LES TROIS PILIERS D'UNE ÉDUCATION
Ce que le karaté m'a donné, ce sont de nouveaux repères, un enracinement au sol et – comme le gars de Manpower – la nécessité d'ouvrir les bras, pour aller chercher d'un côté, rendre de l'autre. J'essaye de faire comprendre rapidement aux jeunes qu'ils s'insèrent dans une chaîne dont ils sont devenus des maillons. Quand je reviens de Mongolie, je suis encore remué d'avoir croisé des enfants qui vivent dans des conditions extrêmes et courent parfois sans chaussures dans le froid, vont chercher l'eau pour la famille à des kilomètres. Je retrouve notre jeunesse qui a tout, mais qui n'a rien si elle n'a pas d'espoir, d'envie, d'idéal. Il y a trois piliers fondamentaux à l'éducation telle que je la comprends : la famille, l'école et le sport. S'il n'y a pas de synergie et d'équilibre sur ces trois piliers, ça ne marche pas. Avec les trois, on peut avancer, rétablir de l'exigence, de l'exemplarité et de l'enthousiasme. On peut les aider à éviter les pièges dans lesquels il est si facile de tomber. Parfois il s'en faut d'une minute, d'une bonne réaction. Tant de choses se jouent sur les rencontres, les bonnes comme les mauvaises.
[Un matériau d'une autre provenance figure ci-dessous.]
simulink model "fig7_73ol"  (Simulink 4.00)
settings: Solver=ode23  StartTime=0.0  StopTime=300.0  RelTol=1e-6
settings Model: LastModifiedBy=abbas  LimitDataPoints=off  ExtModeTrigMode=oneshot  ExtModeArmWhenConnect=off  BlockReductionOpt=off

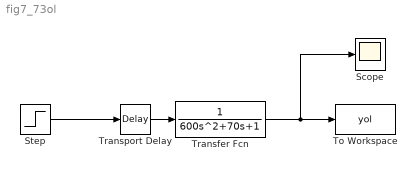
== system fig7_73ol ==
  Scope : Scope
      settings: TimeRange=auto  YMin=-5  YMax=5  SaveToWorkspace=off  SaveName=ScopeData  LimitDataPoints=on  MaxDataPoints=5000
  Step : Step  Time=1  Before=0  After=1  SampleTime=0
  To Workspace : ToWorkspace  VariableName=yol  SampleTime=-1  SaveFormat=Array
  Transfer Fcn : TransferFcn  Numerator=[1]  Denominator=[600 70 1]  Realization=auto  AbsoluteTolerance=auto
  Transport Delay : TransportDelay  DelayTime=5  InitialInput=0  BufferSize=1024  PadeOrder=0
  wires:
  Transport Delay/1 -> Transfer Fcn/1
  Transfer Fcn/1 -> To Workspace/1, Scope/1
  Step/1 -> Transport Delay/1
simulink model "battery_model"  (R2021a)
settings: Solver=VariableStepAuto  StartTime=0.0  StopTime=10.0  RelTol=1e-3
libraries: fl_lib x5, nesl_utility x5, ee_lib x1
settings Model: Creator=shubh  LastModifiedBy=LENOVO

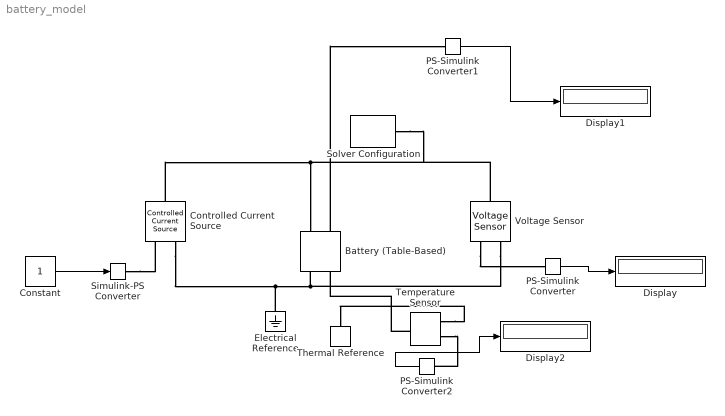
== system battery_model ==
  Battery (Table-Based) : ee_lib/Sources/Battery (Table-Based)  Tag={'toolbox/physmod/elec/library/m/ee_lib_parts';'Sources/Battery__Table_Based_/Panasonic/NCA103450.xml'}  SOC_vec=[0 0.01 0.02 0.03 0.04 0.05 0.06 0.07 0.08 0.09 0.1 0.11 0.12 0.13 0.14 0.15 0.16 0.17 0.18 0.19 0.2 0.21 0.22 0.23 0.24 0.25 0.26 0.27 0.28 0.29 0.3 0.31 0.32 0.33 0.34 0.35 0.36 0.37 0.38 0.39 0.4 0.41 0.42 0.43 0.44 0.45 0.46 0.47 0.48 0.49 0.5 0.51 0.52 0.53 0.54 0.55 0.56 0.57 0.58 0.59 0.6 0.61 0.62 0.63 0.64 0.65 0.66 0.67 0.68 0.69 0.7 0.71 0.72 0.73 0.74 0.75 0.76 0.77 0.78 0.79 0.8 0.81 0.82 0.83 0.84 0.85 0.86 0.87 0.88 0.89 0.9 0.91 0.92 0.93 0.94 0.95 0.96 0.97 0.98 0.99 1]  T_dependence=ee.enum.temperature_dependence.yes  prm_dir=ee.enum.battery.prm_dir.noCurrentDirectionality  T_vec=[-20 -10 0 25 40] degC  V0_mat=[3.05694324577171 3.05694324577171 3.05694324577171 3.05694324577171 3.05694324577171;3.11780933073521 3.11780933073521 3.11780933073521 3.11780933073521 3.11780933073521;3.16456091699536 3.16456091699536 3.16456091699536 3.16456091699536 3.16456091699536;3.20312763991407 3.20312763991407 3.20312763991407 3.20312763991407 3.20312763991407;3.23988086559703 3.23988086559703 3.23988086559703 3.23988086559703 3.23988086559703;3.27357083912107 3.27357083912107 3.27357083912107 3.27357083912107 3.27357083912107;3.29790581816648 3.29790581816648 3.29790581816648 3.29790581816648 3.29790581816648;3.31993534905873 3.31993534905873 3.31993534905873 3.31993534905873 3.31993534905873;3.34081960093889 3.34081960093889 3.34081960093889 3.34081960093889 3.34081960093889;3.35851365985912 3.35851365985912 3.35851365985912 3.35851365985912 3.35851365985912;3.37584043549754 3.37584043549754 3.37584043549754 3.37584043549754 3.37584043549754;3.39148360721865 3.39148360721865 3.39148360721865 3.39148360721865 3.39148360721865;3.40552818269083 3.40552818269083 3.40552818269083 3.40552818269083 3.40552818269083;3.41727372987041 3.41727372987041 3.41727372987041 3.41727372987041 3.41727372987041;3.42829270908039 3.42829270908039 3.42829270908039 3.42829270908039 3.42829270908039;3.43848498572673 3.43848498572673 3.43848498572673 3.43848498572673 3.43848498572673;3.44779771527731 3.44779771527731 3.44779771527731 3.44779771527731 3.44779771527731;3.45685827606495 3.45685827606495 3.45685827606495 3.45685827606495 3.45685827606495;3.46591883685259 3.46591883685259 3.46591883685259 3.46591883685259 3.46591883685259;3.47482240360815 3.47482240360815 3.47482240360815 3.47482240360815 3.47482240360815;3.48166780164756 3.48166780164756 3.48166780164756 3.48166780164756 3.48166780164756;3.48730800046594 3.48730800046594 3.48730800046594 3.48730800046594 3.48730800046594;3.49312425534464 3.49312425534464 3.49312425534464 3.49312425534464 3.49312425534464;3.49938346777656 3.49938346777656 3.49938346777656 3.49938346777656 3.49938346777656;3.50564268020849 3.50564268020849 3.50564268020849 3.50564268020849 3.50564268020849;3.51179877842532 3.51179877842532 3.51179877842532 3.51179877842532 3.51179877842532;3.5177347500538 3.5177347500538 3.5177347500538 3.5177347500538 3.5177347500538;3.52360520400279 3.52360520400279 3.52360520400279 3.52360520400279 3.52360520400279;3.5293131703325 3.5293131703325 3.5293131703325 3.5293131703325 3.5293131703325;3.53495846514988 3.53495846514988 3.53495846514988 3.53495846514988 3.53495846514988;3.54064002733928 3.54064002733928 3.54064002733928 3.54064002733928 3.54064002733928;3.5466862346196 3.5466862346196 3.5466862346196 3.5466862346196 3.5466862346196;3.55275206033938 3.55275206033938 3.55275206033938 3.55275206033938 3.55275206033938;3.55881788605916 3.55881788605916 3.55881788605916 3.55881788605916 3.55881788605916;3.56471104033438 3.56471104033438 3.56471104033438 3.56471104033438 3.56471104033438;3.57059107321653 3.57059107321653 3.57059107321653 3.57059107321653 3.57059107321653;3.57650036036778 3.57650036036778 3.57650036036778 3.57650036036778 3.57650036036778;3.58267113851687 3.58267113851687 3.58267113851687 3.58267113851687 3.58267113851687;3.58862363879637 3.58862363879637 3.58862363879637 3.58862363879637 3.58862363879637;3.59455112950322 3.59455112950322 3.59455112950322 3.59455112950322 3.59455112950322;3.60047862021008 3.60047862021008 3.60047862021008 3.60047862021008 3.60047862021008;3.60621921690956 3.60621921690956 3.60621921690956 3.60621921690956 3.60621921690956;3.61193277295345 3.61193277295345 3.61193277295345 3.61193277295345 3.61193277295345;3.61764632899735 3.61764632899735 3.61764632899735 3.61764632899735 3.61764632899735;3.62335988504124 3.62335988504124 3.62335988504124 3.62335988504124 3.62335988504124;3.62907344108513 3.62907344108513 3.62907344108513 3.62907344108513 3.62907344108513;3.63478699712903 3.63478699712903 3.63478699712903 3.63478699712903 3.63478699712903;3.64052178962629 ...(+4558 chars)] V  V0_vec=[3.05694324577171 3.11780933073521 3.16456091699536 3.20312763991407 3.23988086559703 3.27357083912107 3.29790581816648 3.31993534905873 3.34081960093889 3.35851365985912 3.37584043549754 3.39148360721865 3.40552818269083 3.41727372987041 3.42829270908039 3.43848498572673 3.44779771527731 3.45685827606495 3.46591883685259 3.47482240360815 3.48166780164756 3.48730800046594 3.49312425534464 3.49938346777656 3.50564268020849 3.51179877842532 3.5177347500538 3.52360520400279 3.5293131703325 3.53495846514988 3.54064002733928 3.5466862346196 3.55275206033938 3.55881788605916 3.56471104033438 3.57059107321653 3.57650036036778 3.58267113851687 3.58862363879637 3.59455112950322 3.60047862021008 3.60621921690956 3.61193277295345 3.61764632899735 3.62335988504124 3.62907344108513 3.63478699712903 3.64052178962629 3.64808511653063 3.65679215163517 3.66549918673971 3.6742776274848 3.68308819862471 3.69189876976462 3.70070934090453 3.70951991204444 3.71829251081983 3.72662762793713 3.73481883068441 3.74300361156379 3.75096334989971 3.75892308823563 3.76688282657154 3.77484256490746 3.78285738534165 3.79096087292362 3.79907208206368 3.80718329120375 3.81529450034382 3.82340570948388 3.83152467609174 3.83977969842631 3.84803472076089 3.85689864431254 3.8665947233018 3.87644566188505 3.88631890813263 3.89619215438021 3.90606540062778 3.91593864687536 3.92581189312294 3.93568513937051 3.94640464120662 3.95745251209717 3.96864585088705 3.98047153819836 3.9924662722967 4.00446100639504 4.01645574049338 4.02845047459172 4.03962340380677 4.05026614066205 4.06069004513023 4.07111394959842 4.08126368305597 4.09164730401325 4.10347838409614 4.11623674377326 4.12666159839296 4.13378671073504 4.05293761327992] V  R0_mat=[0.141685622669533 0.144330670296816 0.145951810032112 0.0876729363384268 0.146321047773631;0.160963346658006 0.160698886191678 0.150906802623426 0.0932229543109529 0.12440875553873;0.173825389417679 0.17065142085774 0.14944611398594 0.0950081088191402 0.108002561492024;0.182967039749425 0.176883563095875 0.144265032920527 0.0963551224210397 0.109029380824381;0.191284373155831 0.182291388408669 0.147971901771216 0.0982529232972309 0.109231883231397;0.198209319217276 0.188395970195294 0.152775341587345 0.100527086809133 0.108041998293454;0.202056790677236 0.190736653273694 0.153326511185911 0.100635443372933 0.102599843137946;0.205007765369114 0.192029405373389 0.152829749805771 0.100924551895045 0.105416708079588;0.207438158691858 0.19280157610395 0.151812407056497 0.101472051142568 0.108218448748171;0.208418464305548 0.192123659125456 0.152607874905011 0.101627556367249 0.109570101707698;0.209231822972955 0.19127879520068 0.153587839714389 0.101741529793572 0.110754807720943;0.210343575742801 0.191833133998348 0.153802530015898 0.101999894636474 0.111174239226319;0.210906938107855 0.191939665053811 0.153290585658805 0.101899166770183 0.110867036073093;0.210425287612639 0.191001183249004 0.151733628441442 0.101204214783437 0.109514820059597;0.209613378949417 0.18973244327619 0.149846413056072 0.101035811125123 0.107832345878095;0.208425696393633 0.188087929410814 0.147583423778142 0.100938308201256 0.105774097804031;0.206838219703417 0.186043621411006 0.144920640365778 0.100646635129898 0.1048982342853;0.205136120848225 0.183884691246222 0.144265334326882 0.100298317383989 0.104783849816211;0.204781000088455 0.18172576108144 0.144096514624598 0.0999499996380807 0.104669465347122;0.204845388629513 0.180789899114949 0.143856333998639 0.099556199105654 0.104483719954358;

S'entraîner c'est aussi ça : rencontrer des gens plus mûrs, plus sages qui t'ouvrent l'esprit. C'est pourquoi nous avons une telle responsabilité. Je me souviens de Jean-Claude Vandamme à 17 ans, qui venait faire des stages. Il pesait 71 kilos. Quelques années plus tard, il faisait 110 kilos de muscle. Il a choisi son destin et les ennuis qui vont avec. Il aurait pu devenir un excellent exemple.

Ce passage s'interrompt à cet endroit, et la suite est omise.